E-commerce and cloud computing giant Amazon (AMZN 2.50%) is no stranger to game-changing acquisitions.
This week, the company signed a merger agreement for Roomba maker iRobot (IRBT -1.28%). The all-cash deal will cost Amazon $1.7 billion and add a brand-new wrinkle to Amazon's range of household-helper technology products. However, recent Roomba systems already work with Amazon's Alexa platform, so integrating iRobot's assets and technologies should be pretty painless.
In fact, buyouts are such an important part of Amazon's business model that it's easy to forget just how game-changing these deals can be. Let me remind you of a few highlights from Amazon's long, rich acquisition history. I'm sure you'll recognize many names along the way -- and maybe you forgot that some of them actually weren't Amazon brands from the start.
Whole Foods: The $13.7 billion elephant in the room
Amazon has owned the Whole Foods grocery store chain since 2018. The $13.7 billion buyout was the largest deal in the e-commerce veteran's history, adding 472 physical stores to Amazon's formerly all-digital sales model.
Physical stores accounted for a modest 3.6% of Amazon's total sales last year.

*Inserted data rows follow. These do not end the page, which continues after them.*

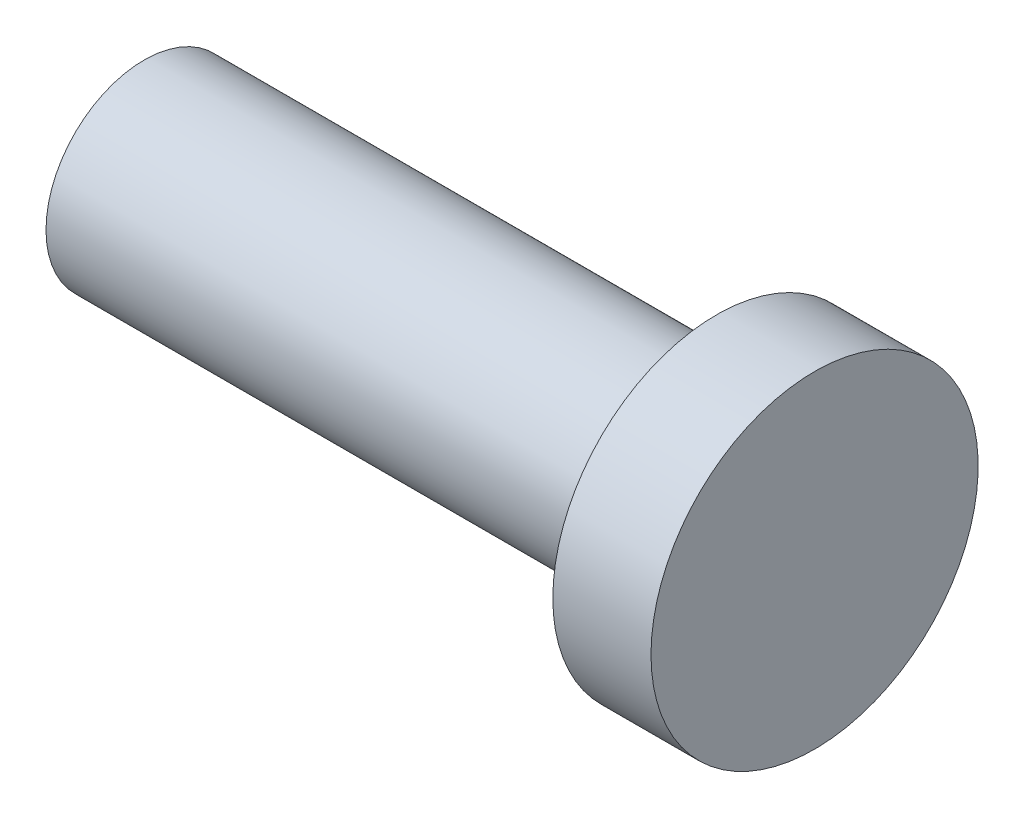
SolidWorks part; units mm, degrees
ref_plane "Front Plane" through (0, 0, 0) normal (0, 0, 1) x (1, 0, 0)
ref_plane "Top Plane" through (0, 0, 0) normal (0, 1, 0) x (1, 0, 0)
ref_plane "Right Plane" through (0, 0, 0) normal (1, 0, 0) x (0, 0, -1)
sketch "Sketch1" plane through (0, 0, 0) normal (0, 1, 0) x (1, 0, 0)
  line L0 (-42.2102, 0) -> (49.9571, 0) construction
  line L1 (0, 0) -> (0, 2.5) construction
  line L2 (-1.5, 2.5) -> (-1.5, 1.5) construction
  line L3 (-1.5, 1.5) -> (-10.2455, 1.5) construction
  line L4 (-10.2455, 1.5) -> (-10.2455, 0) construction
  line L5 (-10.2455, 0) -> (0, 0) construction
  line L6 (0, 0) -> (0, 2.5)
  line L7 (0, 2.5) -> (-1.5, 2.5)
  line L8 (-1.5, 2.5) -> (-1.5, 1.5)
  line L9 (-1.5, 1.5) -> (-10.2455, 1.5)
  line L10 (-10.2455, 1.5) -> (-10.2455, 0)
  line L11 (-10.2455, 0) -> (0, 0)
  dimension "D1" = 1.5
  dimension "D2" = 2.5
  dimension "D3" = 1.5
revolve "Revolve1" add sketch "Sketch1" angle 360 about L0
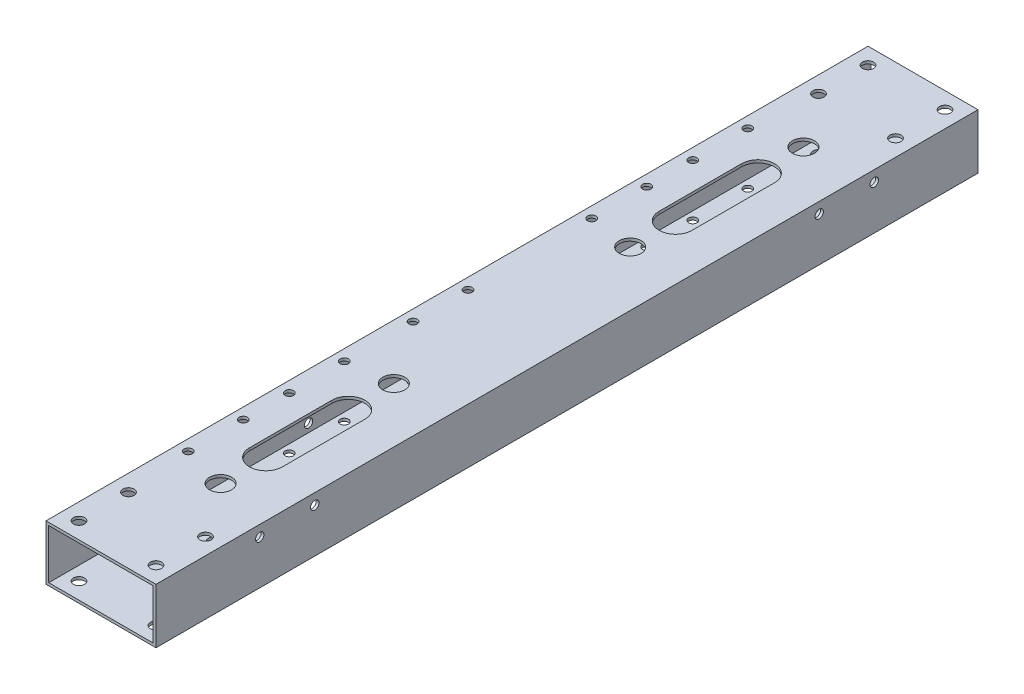
SolidWorks part; units mm, degrees
material "6063-T5"
ref_plane "前视基准面" through (0, 0, 0) normal (0, 0, 1) x (1, 0, 0)
ref_plane "上视基准面" through (0, 0, 0) normal (0, 1, 0) x (1, 0, 0)
ref_plane "右视基准面" through (0, 0, 0) normal (1, 0, 0) x (0, 0, -1)
other "Configuration Table"
sketch "草图1" plane through (0, 0, 0) normal (0, 0, 1) x (1, 0, 0)
  line L1 (-20, -10) -> (20, -10)
  line L2 (-20, -10) -> (-20, 10)
  line L3 (-20, 10) -> (20, 10)
  line L4 (20, -10) -> (20, 10)
  line L5 (-20, -10) -> (20, 10) construction
  line L6 (-20, 10) -> (20, -10) construction
  point P0 (0, 0)
  dimension "D1" = 40
  dimension "D2" = 20
extrude "凸台-拉伸1" add sketch "草图1" along normal mid plane 299
sketch "草图2" plane through (0, 0, 0) normal (0, 0, 1) x (1, 0, 0)
  line L8 (19, -9) -> (19, 9)
  line L9 (19, 9) -> (-19, 9)
  line L10 (-19, 9) -> (-19, -9)
  line L11 (-19, -9) -> (19, -9)
  line L12 (19, -9) -> (19, 9)
  line L13 (19, 9) -> (-19, 9)
  line L14 (-19, 9) -> (-19, -9)
  line L15 (-19, -9) -> (19, -9)
  dimension "D1" = 1
extrude "切除-拉伸1" cut sketch "草图2" against normal mid plane 299
sketch "草图4" plane through (-20, 0, 0) normal (-1, 0, 0) x (0, 0, 1)
  circle A0 centre (55, -6) radius 1.525 construction
  circle A1 centre (55, 6) radius 1.525 construction
  circle A2 centre (35, 6) radius 1.525 construction
  circle A3 centre (35, -6) radius 1.525 construction
  circle A4 centre (10, -6) radius 1.525 construction
  circle A5 centre (10, 6) radius 1.525 construction
  circle A6 centre (-10, 6) radius 1.525 construction
  circle A7 centre (-10, -6) radius 1.525 construction
  circle A8 centre (-35, 6) radius 1.525 construction
  circle A9 centre (-55, -6) radius 1.525 construction
  circle A10 centre (-55, 6) radius 1.525 construction
  circle A11 centre (-35, -6) radius 1.525 construction
  circle A12 centre (55, -6) radius 1.525
  circle A13 centre (55, 6) radius 1.525
  circle A14 centre (35, 6) radius 1.525
  circle A15 centre (35, -6) radius 1.525
  circle A16 centre (10, -6) radius 1.525
  circle A17 centre (10, 6) radius 1.525
  circle A18 centre (-10, 6) radius 1.525
  circle A19 centre (-10, -6) radius 1.525
  circle A20 centre (-35, 6) radius 1.525
  circle A21 centre (-55, -6) radius 1.525
  circle A22 centre (-55, 6) radius 1.525
  circle A23 centre (-35, -6) radius 1.525
extrude "切除-拉伸2" cut sketch "草图4" against normal blind 10
sketch "草图5" plane through (0, -10, 0) normal (0, -1, 0) x (1, 0, 0)
  line L0 (-20, 149.5) -> (20, 149.5) construction
  line L1 (-20, 149.5) -> (-20, -149.5) construction
  line L2 (-20, -149.5) -> (20, -149.5) construction
  circle A0 centre (-16, 65) radius 1.525
  circle A1 centre (-16, 45) radius 1.525
  circle A2 centre (-16, 20) radius 1.525
  circle A3 centre (-16, 0) radius 1.525
  circle A4 centre (-16, -45) radius 1.525
  circle A5 centre (-16, -65) radius 1.525
  dimension "D1" = 3.05
  dimension "D2" = 20
  dimension "D3" = 20
  dimension "D4" = 20
  dimension "D5" = 84.5
  dimension "D6" = 4
  dimension "D7" = 84.5
  dimension "D8" = 129.5
extrude "切除-拉伸3" cut sketch "草图5" against normal through all
sketch "草图6" plane through (0, 10, 0) normal (0, 1, 0) x (1, 0, 0)
  circle A0 centre (-16, -81.75) radius 1.525
  circle A1 centre (-16, -101.75) radius 1.525
  dimension "D1" = 3.05
extrude "切除-拉伸4" cut sketch "草图6" against normal through all
sketch "草图7" plane through (-20, 0, 0) normal (-1, 0, 0) x (0, 0, 1)
  line L0 (149.5, 10) -> (149.5, -10) construction
  line L1 (149.5, 10) -> (-149.5, 10) construction
  circle A0 centre (91.75, 6) radius 1.525
  circle A1 centre (111.75, 6) radius 1.525
  dimension "D1" = 3.05
  dimension "D2" = 20
  dimension "D3" = 37.75
  dimension "D4" = 4
extrude "切除-拉伸5" cut sketch "草图7" against normal through all both
sketch "草图9" plane through (0, -10, 0) normal (0, -1, 0) x (1, 0, 0)
  circle A0 centre (14, -125.5) radius 2.025
  circle A1 centre (-14, -125.5) radius 2.025
  circle A2 centre (14, -143.5) radius 2.025
  circle A3 centre (-14, -143.5) radius 2.025
  dimension "D1" = 4.05
extrude "切除-拉伸6" cut sketch "草图9" against normal through all both and the other way through all
sketch "草图10" plane through (0, 10, 0) normal (0, 1, 0) x (1, 0, 0)
  line L0 (0, -89.5) -> (0, -59.5) construction
  line L1 (-6, -89.5) -> (-6, -59.5)
  line L2 (6, -89.5) -> (6, -59.5)
  line L3 (0, 0) -> (20, 0) construction
  line L4 (20, -149.5) -> (20, 149.5) construction
  line L6 (0, 89.5) -> (0, 59.5) construction
  line L7 (-6, 89.5) -> (-6, 59.5)
  line L8 (6, 89.5) -> (6, 59.5)
  line L9 (20, -149.5) -> (-20, -149.5) construction
  arc A0 (-6, -89.5) -> (6, -89.5) centre (0, -89.5) ccw
  arc A1 (6, -59.5) -> (-6, -59.5) centre (0, -59.5) ccw
  arc A2 (-6, 89.5) -> (6, 89.5) centre (0, 89.5) cw
  arc A3 (6, 59.5) -> (-6, 59.5) centre (0, 59.5) cw
  point P3 (0, -74.5)
  point P16 (0, 74.5)
  dimension "D1" = 6
  dimension "D2" = 75
  dimension "D3" = 30
extrude "切除-拉伸7" cut sketch "草图10" against normal through all both and the other way through all
sketch "草图11" plane through (0, -10, 0) normal (0, -1, 0) x (1, 0, 0)
  line L0 (6, -74.5) -> (-6, -74.5) construction
  line L1 (6, -59.5) -> (6, -89.5) construction
  line L2 (-6, -89.5) -> (-6, -59.5) construction
  circle A0 centre (0, -43) radius 4
  circle A1 centre (0, -106) radius 4
  dimension "D2" = 8
  dimension "D1" = 63
extrude "切除-拉伸8" cut sketch "草图11" against normal through all both and the other way through all
mirror "镜向1" about plane through (0, 0, 0) normal (0, 0, 1) of "切除-拉伸8"
mirror "镜向2" about plane through (0, 0, 0) normal (0, 0, 1) of "切除-拉伸6"
sketch "草图12" plane through (0, 10, 0) normal (0, 1, 0) x (1, 0, 0)
  line L0 (-20, -149.5) -> (-20, 149.5) construction
  line L1 (20, 149.5) -> (-20, 149.5) construction
  circle A0 centre (-16, 81.75) radius 1.525
  circle A1 centre (-16, 101.75) radius 1.525
  dimension "D1" = 3.05
  dimension "D2" = 4
  dimension "D3" = 20
  dimension "D4" = 47.75
extrude "切除-拉伸9" cut sketch "草图12" against normal through all both and the other way through all
sketch "草图13" plane through (-20, 0, 0) normal (-1, 0, 0) x (0, 0, 1)
  line L0 (149.5, 10) -> (-149.5, 10) construction
  line L1 (-149.5, 10) -> (-149.5, -10) construction
  circle A0 centre (-91.75, 6) radius 1.525
  circle A1 centre (-111.75, 6) radius 1.525
  dimension "D1" = 3.05
  dimension "D2" = 4
  dimension "D3" = 20
  dimension "D4" = 37.75
extrude "切除-拉伸10" cut sketch "草图13" against normal through all both

However, the Whole Foods stores have other functions in Amazon's larger business machine -- and the chain is evolving as we speak.
For example, the stores serve as hubs for Amazon returns and pickup deliveries. Amazon introduced an experimental checkout-free store model near its Seattle headquarters last year. That idea has also been seen in a Whole Foods store in the area, just a few months later. Whole Foods is a significant operation, despite its minimal impact on Amazon's top-line sales.
Ring and Blink: $1.1 billion of home security muscle
OK, everybody knew about the Whole Foods deal already. But did you know that the company bought the Ring video doorbell specialist and the Blink home security company the same year?
These deals were much smaller than Whole Foods, of course. Amazon spent $1 billion on Ring and less than $100 million on Blink. Nevertheless, these brands now form the core of Amazon's home security catalog and are held up as fantastic sellers in every Prime Day sales event. Furthermore, the presence of a fully Alexa-integrated security system filled a glaring gap in Amazon's smart home product line. I'd say that was a sensible billion-dollar investment.
Alexa: Remind me of your ancient buyout
Here's a fun one. The Alexa digital assistant platform that sits at the core of Amazon's personal technology business was not an in-house invention. Amazon bought the Alexa Internet business for a song -- the purchase price was too small to be disclosed in the announcement -- in 1999.
Back then, Alexa was nothing more than a handy information-scraping add-on for the leading web browsers of the time. Now, Alexa is an advanced artificial intelligence system with cloud-based connections to all of Amazon's smart-home and personal assistant devices -- as well as a growing collection of third-party gadgets. It's fair to describe Alexa as the brains of Amazon's consumer technology business.
Given Alexa's extreme prominence these days, it seems kind of silly that the original deal was microscopic. Amazon actually announced it as a bullet point side note in a press release for the $645 buyout of used books marketplace Exchange.com.
In 2022, Exchange.com has melted into Amazon's larger e-commerce platform, perhaps leaving some used-goods features behind but otherwise evaporating. Alexa was clearly the most crucial deal in that announcement, given the benefit of 23 years of hindsight.
But wait -- there's more!
Amazon has acquired more than 100 companies so far and is in the process of closing several deals right now. The $3.9 billion buyout of One Medical, a subsidiary of primary healthcare provider 1Life Healthcare (ONEM), springs to mind. Amazon is already making moves in the healthcare sector, and the 1Life deal will accelerate those ambitions.
Will iRobot join the ranks of memorable, game-changing Amazon deals? That remains to be seen, but the two companies go together like peanut butter and jelly. The Roomba brand is a firmly established and quite valuable part of the iRobot deal, and I expect Amazon to keep that name for future products in the home-cleaning robotics market. Also, I think Alexa is about to learn some new tricks from iRobot's highly polished robotic navigation software.
Again, iRobot is a fantastic fit for Amazon and its Alexa-powered product catalog, especially considering the e-commerce expert's deep history of successful buyouts.